(STUDY MATERIAL begins)
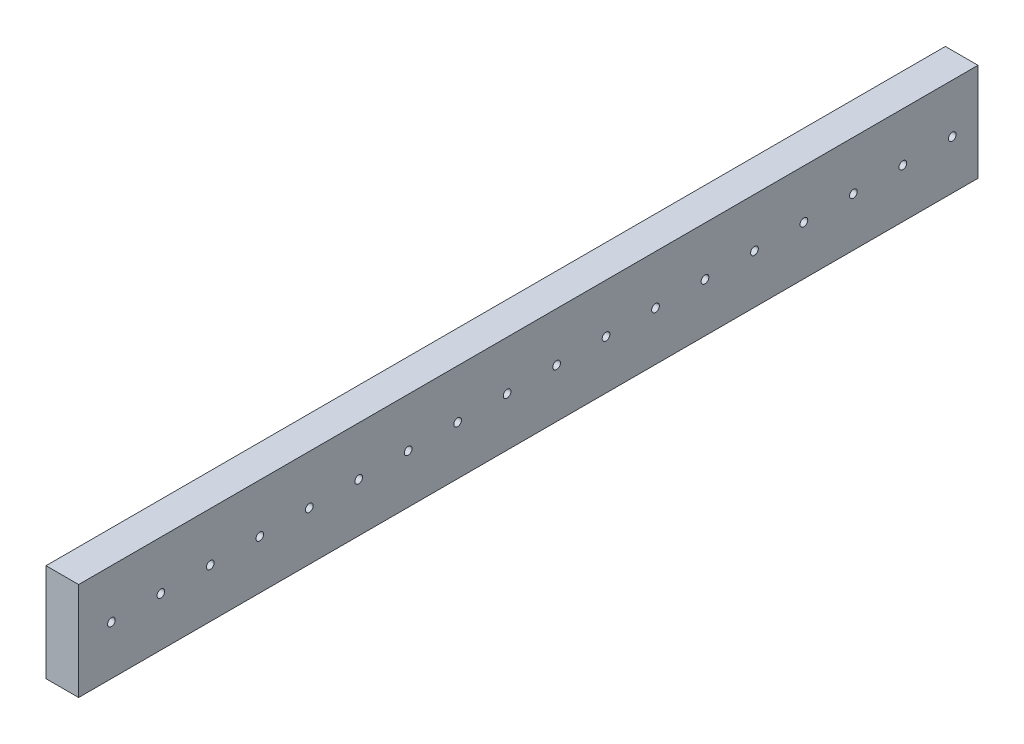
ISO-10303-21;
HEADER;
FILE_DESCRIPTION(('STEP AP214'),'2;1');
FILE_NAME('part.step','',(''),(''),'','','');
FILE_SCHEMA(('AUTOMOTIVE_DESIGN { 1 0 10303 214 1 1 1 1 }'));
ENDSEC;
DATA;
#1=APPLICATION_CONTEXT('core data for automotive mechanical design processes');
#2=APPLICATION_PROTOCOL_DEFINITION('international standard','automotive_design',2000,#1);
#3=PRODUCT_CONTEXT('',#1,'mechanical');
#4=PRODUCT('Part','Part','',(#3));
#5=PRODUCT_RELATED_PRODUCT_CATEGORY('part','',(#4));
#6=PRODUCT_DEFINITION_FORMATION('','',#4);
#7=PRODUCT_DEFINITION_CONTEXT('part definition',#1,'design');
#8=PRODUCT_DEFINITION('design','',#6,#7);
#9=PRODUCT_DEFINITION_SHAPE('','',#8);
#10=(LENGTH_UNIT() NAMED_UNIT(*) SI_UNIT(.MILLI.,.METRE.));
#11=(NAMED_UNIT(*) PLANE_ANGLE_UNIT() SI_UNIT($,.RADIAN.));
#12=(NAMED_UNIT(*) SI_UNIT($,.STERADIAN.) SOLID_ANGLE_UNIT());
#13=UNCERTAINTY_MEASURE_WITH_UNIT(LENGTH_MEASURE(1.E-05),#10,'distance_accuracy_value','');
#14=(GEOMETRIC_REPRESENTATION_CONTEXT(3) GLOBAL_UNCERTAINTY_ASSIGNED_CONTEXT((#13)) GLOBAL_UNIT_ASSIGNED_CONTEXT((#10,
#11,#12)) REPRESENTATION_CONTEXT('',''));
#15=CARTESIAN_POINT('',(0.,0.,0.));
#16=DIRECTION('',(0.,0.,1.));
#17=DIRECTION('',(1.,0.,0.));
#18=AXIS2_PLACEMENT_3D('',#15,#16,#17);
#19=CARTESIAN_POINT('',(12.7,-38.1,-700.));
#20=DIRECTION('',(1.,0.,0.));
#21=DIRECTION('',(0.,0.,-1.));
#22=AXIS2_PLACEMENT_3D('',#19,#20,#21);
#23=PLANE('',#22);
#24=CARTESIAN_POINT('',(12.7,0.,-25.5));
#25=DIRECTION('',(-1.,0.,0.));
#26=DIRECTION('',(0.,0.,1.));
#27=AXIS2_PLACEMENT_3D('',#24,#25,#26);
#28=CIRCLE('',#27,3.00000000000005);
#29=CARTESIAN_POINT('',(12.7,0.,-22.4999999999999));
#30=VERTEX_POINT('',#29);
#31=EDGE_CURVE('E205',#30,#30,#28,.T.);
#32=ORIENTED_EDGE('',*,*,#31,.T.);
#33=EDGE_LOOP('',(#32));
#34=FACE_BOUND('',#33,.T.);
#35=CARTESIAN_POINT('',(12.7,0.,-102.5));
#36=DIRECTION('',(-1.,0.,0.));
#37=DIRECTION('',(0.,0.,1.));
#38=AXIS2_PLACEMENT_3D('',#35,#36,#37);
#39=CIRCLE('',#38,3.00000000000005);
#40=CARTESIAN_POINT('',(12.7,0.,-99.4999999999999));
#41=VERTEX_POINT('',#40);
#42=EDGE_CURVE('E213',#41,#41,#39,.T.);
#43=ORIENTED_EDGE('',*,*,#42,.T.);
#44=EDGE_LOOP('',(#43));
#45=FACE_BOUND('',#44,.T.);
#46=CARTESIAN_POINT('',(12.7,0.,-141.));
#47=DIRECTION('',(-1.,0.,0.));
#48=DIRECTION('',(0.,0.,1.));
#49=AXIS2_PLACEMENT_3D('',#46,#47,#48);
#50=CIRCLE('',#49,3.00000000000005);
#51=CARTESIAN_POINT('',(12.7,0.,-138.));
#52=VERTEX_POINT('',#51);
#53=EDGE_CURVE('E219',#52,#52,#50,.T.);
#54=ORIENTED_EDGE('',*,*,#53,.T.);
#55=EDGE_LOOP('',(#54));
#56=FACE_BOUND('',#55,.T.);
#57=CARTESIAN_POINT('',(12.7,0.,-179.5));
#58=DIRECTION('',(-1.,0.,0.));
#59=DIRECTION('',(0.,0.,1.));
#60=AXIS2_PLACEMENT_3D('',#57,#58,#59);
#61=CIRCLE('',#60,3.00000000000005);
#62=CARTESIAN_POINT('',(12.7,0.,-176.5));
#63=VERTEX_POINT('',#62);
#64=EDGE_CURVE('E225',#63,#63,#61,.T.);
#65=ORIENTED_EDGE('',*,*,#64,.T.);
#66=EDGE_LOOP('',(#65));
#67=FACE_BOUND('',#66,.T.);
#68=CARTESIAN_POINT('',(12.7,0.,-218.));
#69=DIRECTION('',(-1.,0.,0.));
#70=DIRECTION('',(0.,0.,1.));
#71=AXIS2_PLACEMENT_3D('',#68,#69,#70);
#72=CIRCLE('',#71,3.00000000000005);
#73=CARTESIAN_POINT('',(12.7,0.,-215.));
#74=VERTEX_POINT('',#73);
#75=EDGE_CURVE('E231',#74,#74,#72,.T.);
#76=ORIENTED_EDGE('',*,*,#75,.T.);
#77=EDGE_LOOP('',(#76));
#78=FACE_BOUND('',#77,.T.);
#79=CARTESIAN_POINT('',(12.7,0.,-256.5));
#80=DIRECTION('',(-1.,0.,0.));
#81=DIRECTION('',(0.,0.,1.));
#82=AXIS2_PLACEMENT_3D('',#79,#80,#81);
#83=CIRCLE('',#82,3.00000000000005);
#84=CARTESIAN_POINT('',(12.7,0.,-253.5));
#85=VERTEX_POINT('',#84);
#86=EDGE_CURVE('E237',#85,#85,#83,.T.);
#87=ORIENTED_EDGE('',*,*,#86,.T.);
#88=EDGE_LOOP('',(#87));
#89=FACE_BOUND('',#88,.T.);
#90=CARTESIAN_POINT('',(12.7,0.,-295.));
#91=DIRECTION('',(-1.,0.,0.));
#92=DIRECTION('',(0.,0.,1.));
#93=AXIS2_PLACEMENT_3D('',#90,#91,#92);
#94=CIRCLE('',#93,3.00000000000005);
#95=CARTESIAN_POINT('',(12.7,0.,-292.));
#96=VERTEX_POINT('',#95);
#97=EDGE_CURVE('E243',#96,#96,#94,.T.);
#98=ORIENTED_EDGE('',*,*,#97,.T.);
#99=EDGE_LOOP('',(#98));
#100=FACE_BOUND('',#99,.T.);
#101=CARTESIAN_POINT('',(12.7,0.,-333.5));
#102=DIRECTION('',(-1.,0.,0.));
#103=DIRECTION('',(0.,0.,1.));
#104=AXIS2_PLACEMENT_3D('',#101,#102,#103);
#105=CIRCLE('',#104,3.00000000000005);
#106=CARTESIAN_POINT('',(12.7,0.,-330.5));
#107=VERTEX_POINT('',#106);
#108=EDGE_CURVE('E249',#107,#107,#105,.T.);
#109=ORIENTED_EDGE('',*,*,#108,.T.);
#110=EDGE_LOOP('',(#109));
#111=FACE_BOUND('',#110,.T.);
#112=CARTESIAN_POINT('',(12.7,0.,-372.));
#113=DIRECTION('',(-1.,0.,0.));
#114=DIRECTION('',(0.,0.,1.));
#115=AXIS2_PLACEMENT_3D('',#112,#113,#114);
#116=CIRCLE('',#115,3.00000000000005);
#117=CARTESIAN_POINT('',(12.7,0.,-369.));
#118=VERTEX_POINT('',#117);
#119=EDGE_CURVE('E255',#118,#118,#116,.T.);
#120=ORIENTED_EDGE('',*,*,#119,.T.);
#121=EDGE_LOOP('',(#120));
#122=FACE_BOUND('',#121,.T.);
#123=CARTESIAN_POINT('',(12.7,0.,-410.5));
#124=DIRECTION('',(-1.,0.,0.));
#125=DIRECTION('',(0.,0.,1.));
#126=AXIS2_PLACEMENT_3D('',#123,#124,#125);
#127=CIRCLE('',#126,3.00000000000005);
(STUDY MATERIAL ends)
__TO DO__: Beginning at the line that contains "#118=VERTEX_POINT('',#117);", reproduce every line down to the last line of the entries above, exactly and only those.

__SOLVED EXERCISE__:
#118=VERTEX_POINT('',#117);
#119=EDGE_CURVE('E255',#118,#118,#116,.T.);
#120=ORIENTED_EDGE('',*,*,#119,.T.);
#121=EDGE_LOOP('',(#120));
#122=FACE_BOUND('',#121,.T.);
#123=CARTESIAN_POINT('',(12.7,0.,-410.5));
#124=DIRECTION('',(-1.,0.,0.));
#125=DIRECTION('',(0.,0.,1.));
#126=AXIS2_PLACEMENT_3D('',#123,#124,#125);
#127=CIRCLE('',#126,3.00000000000005);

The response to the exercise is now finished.